Work required: Reproduce word for word the lines between those holding "#49=CARTESIAN_POINT('',(8.125,0.,1.5));" and "#86=DIRECTION('',(0.,0.,1.));", inclusive, and nothing else from the data below.

Material provided:
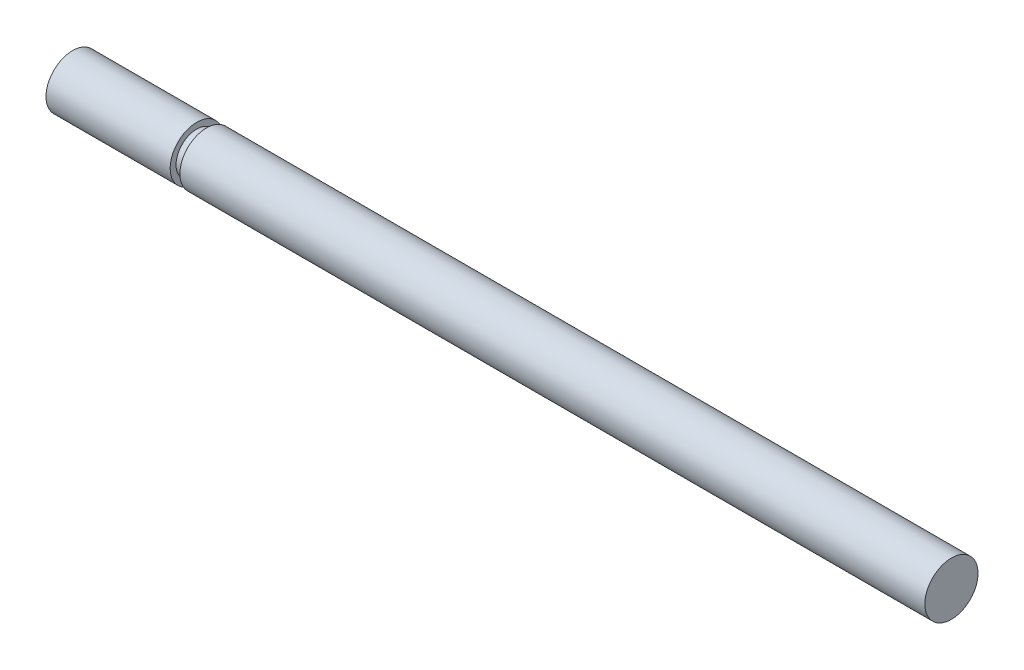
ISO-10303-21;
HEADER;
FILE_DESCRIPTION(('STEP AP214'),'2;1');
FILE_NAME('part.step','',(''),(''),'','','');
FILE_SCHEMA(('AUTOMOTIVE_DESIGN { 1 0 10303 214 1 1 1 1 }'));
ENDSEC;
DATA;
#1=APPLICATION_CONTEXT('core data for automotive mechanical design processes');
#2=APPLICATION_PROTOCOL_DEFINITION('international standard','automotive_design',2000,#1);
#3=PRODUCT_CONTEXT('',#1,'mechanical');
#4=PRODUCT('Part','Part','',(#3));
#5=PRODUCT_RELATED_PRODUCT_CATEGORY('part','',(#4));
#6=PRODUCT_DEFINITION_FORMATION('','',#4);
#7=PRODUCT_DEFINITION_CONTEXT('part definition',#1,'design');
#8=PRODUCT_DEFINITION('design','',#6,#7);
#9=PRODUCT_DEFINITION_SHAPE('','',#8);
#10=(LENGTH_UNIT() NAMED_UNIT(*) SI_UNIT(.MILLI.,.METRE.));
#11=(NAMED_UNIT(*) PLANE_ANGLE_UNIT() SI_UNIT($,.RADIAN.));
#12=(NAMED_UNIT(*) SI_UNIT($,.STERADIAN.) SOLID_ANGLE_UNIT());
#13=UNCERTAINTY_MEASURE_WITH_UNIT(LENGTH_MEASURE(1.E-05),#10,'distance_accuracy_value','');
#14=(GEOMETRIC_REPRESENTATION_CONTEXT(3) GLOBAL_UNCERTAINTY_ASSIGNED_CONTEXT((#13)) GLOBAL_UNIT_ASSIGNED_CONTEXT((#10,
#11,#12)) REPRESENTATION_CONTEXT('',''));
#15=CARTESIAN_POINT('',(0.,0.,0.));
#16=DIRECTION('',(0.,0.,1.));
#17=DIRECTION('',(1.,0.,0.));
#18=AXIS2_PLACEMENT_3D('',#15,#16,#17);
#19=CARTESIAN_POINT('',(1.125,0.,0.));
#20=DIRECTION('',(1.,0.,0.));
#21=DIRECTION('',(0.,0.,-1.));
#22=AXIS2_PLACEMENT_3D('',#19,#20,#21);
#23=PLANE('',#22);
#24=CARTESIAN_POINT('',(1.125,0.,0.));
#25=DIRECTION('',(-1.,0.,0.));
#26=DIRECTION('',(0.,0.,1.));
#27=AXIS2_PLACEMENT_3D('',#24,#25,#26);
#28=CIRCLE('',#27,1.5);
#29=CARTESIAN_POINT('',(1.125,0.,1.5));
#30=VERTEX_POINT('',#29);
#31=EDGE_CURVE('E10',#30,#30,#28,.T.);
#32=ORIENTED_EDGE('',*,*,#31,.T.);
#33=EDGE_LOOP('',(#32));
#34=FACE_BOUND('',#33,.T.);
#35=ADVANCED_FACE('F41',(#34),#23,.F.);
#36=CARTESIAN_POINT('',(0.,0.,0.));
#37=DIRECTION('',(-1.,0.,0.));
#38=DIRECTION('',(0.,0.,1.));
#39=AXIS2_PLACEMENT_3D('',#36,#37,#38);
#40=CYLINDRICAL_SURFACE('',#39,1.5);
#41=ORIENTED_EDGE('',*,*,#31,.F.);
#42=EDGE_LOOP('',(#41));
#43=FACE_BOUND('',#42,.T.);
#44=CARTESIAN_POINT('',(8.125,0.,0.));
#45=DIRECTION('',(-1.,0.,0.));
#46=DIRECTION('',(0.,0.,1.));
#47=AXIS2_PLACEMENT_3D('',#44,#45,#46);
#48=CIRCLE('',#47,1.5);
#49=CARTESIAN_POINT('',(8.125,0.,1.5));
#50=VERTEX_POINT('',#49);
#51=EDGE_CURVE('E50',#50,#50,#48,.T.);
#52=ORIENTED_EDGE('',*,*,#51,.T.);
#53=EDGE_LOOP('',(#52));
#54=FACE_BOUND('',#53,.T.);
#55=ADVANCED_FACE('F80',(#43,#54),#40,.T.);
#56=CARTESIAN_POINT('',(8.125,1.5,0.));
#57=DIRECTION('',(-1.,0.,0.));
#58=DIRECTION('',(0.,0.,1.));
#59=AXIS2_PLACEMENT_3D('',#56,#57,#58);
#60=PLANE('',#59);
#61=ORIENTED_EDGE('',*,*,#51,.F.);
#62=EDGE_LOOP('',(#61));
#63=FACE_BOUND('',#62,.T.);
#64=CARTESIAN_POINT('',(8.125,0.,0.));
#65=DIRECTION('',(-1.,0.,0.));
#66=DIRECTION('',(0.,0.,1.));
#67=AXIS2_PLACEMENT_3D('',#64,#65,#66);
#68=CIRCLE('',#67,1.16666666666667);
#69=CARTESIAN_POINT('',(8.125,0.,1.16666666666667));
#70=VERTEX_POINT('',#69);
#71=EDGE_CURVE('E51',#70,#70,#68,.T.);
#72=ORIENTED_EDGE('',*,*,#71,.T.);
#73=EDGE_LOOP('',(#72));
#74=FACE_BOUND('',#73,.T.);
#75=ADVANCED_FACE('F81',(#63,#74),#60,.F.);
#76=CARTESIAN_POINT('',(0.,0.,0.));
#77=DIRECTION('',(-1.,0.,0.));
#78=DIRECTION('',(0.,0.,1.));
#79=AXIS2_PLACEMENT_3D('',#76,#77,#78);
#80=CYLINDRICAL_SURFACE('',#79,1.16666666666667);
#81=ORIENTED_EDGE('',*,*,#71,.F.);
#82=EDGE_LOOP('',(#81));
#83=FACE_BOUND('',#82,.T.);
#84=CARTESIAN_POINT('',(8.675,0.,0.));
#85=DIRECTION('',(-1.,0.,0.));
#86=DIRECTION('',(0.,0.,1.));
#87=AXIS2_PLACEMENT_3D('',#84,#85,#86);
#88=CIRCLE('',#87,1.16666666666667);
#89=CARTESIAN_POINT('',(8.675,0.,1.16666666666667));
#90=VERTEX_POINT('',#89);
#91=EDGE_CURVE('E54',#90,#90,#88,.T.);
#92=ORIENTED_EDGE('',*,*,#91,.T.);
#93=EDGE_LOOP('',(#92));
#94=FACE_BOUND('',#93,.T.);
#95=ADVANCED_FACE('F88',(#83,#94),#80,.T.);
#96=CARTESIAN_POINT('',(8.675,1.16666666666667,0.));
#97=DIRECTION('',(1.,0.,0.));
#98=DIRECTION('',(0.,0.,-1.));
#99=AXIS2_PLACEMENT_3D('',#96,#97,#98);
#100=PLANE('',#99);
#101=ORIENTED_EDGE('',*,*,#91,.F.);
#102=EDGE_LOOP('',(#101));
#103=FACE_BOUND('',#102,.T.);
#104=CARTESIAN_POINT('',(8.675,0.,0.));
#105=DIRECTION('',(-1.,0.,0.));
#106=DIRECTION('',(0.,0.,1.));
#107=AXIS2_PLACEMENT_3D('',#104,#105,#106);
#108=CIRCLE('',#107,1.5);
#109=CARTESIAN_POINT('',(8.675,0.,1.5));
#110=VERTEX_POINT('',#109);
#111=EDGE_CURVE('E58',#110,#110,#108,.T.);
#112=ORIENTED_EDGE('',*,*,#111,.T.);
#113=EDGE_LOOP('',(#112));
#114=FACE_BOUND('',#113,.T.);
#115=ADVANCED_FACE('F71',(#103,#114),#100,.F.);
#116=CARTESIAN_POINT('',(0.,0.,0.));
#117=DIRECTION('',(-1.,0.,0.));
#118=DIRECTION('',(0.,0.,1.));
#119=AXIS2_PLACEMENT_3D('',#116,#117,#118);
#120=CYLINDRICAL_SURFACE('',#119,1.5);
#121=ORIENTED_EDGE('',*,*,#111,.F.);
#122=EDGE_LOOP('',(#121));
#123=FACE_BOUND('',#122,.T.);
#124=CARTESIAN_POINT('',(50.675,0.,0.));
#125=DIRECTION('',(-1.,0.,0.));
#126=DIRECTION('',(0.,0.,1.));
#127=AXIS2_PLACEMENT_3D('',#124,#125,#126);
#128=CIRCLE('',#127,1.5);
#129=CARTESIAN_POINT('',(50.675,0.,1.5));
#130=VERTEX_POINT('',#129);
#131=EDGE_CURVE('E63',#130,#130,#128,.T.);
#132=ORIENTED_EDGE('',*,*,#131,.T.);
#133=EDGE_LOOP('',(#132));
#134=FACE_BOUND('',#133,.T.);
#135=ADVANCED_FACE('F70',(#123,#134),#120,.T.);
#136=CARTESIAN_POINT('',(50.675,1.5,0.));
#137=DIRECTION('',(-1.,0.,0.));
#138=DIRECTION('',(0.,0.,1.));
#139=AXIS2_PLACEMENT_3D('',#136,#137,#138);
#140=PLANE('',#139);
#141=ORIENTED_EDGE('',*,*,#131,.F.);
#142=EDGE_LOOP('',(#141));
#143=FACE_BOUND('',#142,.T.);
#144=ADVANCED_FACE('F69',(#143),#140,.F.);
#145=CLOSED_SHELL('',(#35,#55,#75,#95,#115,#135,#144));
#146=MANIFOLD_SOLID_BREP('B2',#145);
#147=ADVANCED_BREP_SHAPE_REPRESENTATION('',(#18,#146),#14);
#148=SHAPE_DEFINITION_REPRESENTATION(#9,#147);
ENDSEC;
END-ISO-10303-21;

Written solution:
#49=CARTESIAN_POINT('',(8.125,0.,1.5));
#50=VERTEX_POINT('',#49);
#51=EDGE_CURVE('E50',#50,#50,#48,.T.);
#52=ORIENTED_EDGE('',*,*,#51,.T.);
#53=EDGE_LOOP('',(#52));
#54=FACE_BOUND('',#53,.T.);
#55=ADVANCED_FACE('F80',(#43,#54),#40,.T.);
#56=CARTESIAN_POINT('',(8.125,1.5,0.));
#57=DIRECTION('',(-1.,0.,0.));
#58=DIRECTION('',(0.,0.,1.));
#59=AXIS2_PLACEMENT_3D('',#56,#57,#58);
#60=PLANE('',#59);
#61=ORIENTED_EDGE('',*,*,#51,.F.);
#62=EDGE_LOOP('',(#61));
#63=FACE_BOUND('',#62,.T.);
#64=CARTESIAN_POINT('',(8.125,0.,0.));
#65=DIRECTION('',(-1.,0.,0.));
#66=DIRECTION('',(0.,0.,1.));
#67=AXIS2_PLACEMENT_3D('',#64,#65,#66);
#68=CIRCLE('',#67,1.16666666666667);
#69=CARTESIAN_POINT('',(8.125,0.,1.16666666666667));
#70=VERTEX_POINT('',#69);
#71=EDGE_CURVE('E51',#70,#70,#68,.T.);
#72=ORIENTED_EDGE('',*,*,#71,.T.);
#73=EDGE_LOOP('',(#72));
#74=FACE_BOUND('',#73,.T.);
#75=ADVANCED_FACE('F81',(#63,#74),#60,.F.);
#76=CARTESIAN_POINT('',(0.,0.,0.));
#77=DIRECTION('',(-1.,0.,0.));
#78=DIRECTION('',(0.,0.,1.));
#79=AXIS2_PLACEMENT_3D('',#76,#77,#78);
#80=CYLINDRICAL_SURFACE('',#79,1.16666666666667);
#81=ORIENTED_EDGE('',*,*,#71,.F.);
#82=EDGE_LOOP('',(#81));
#83=FACE_BOUND('',#82,.T.);
#84=CARTESIAN_POINT('',(8.675,0.,0.));
#85=DIRECTION('',(-1.,0.,0.));
#86=DIRECTION('',(0.,0.,1.));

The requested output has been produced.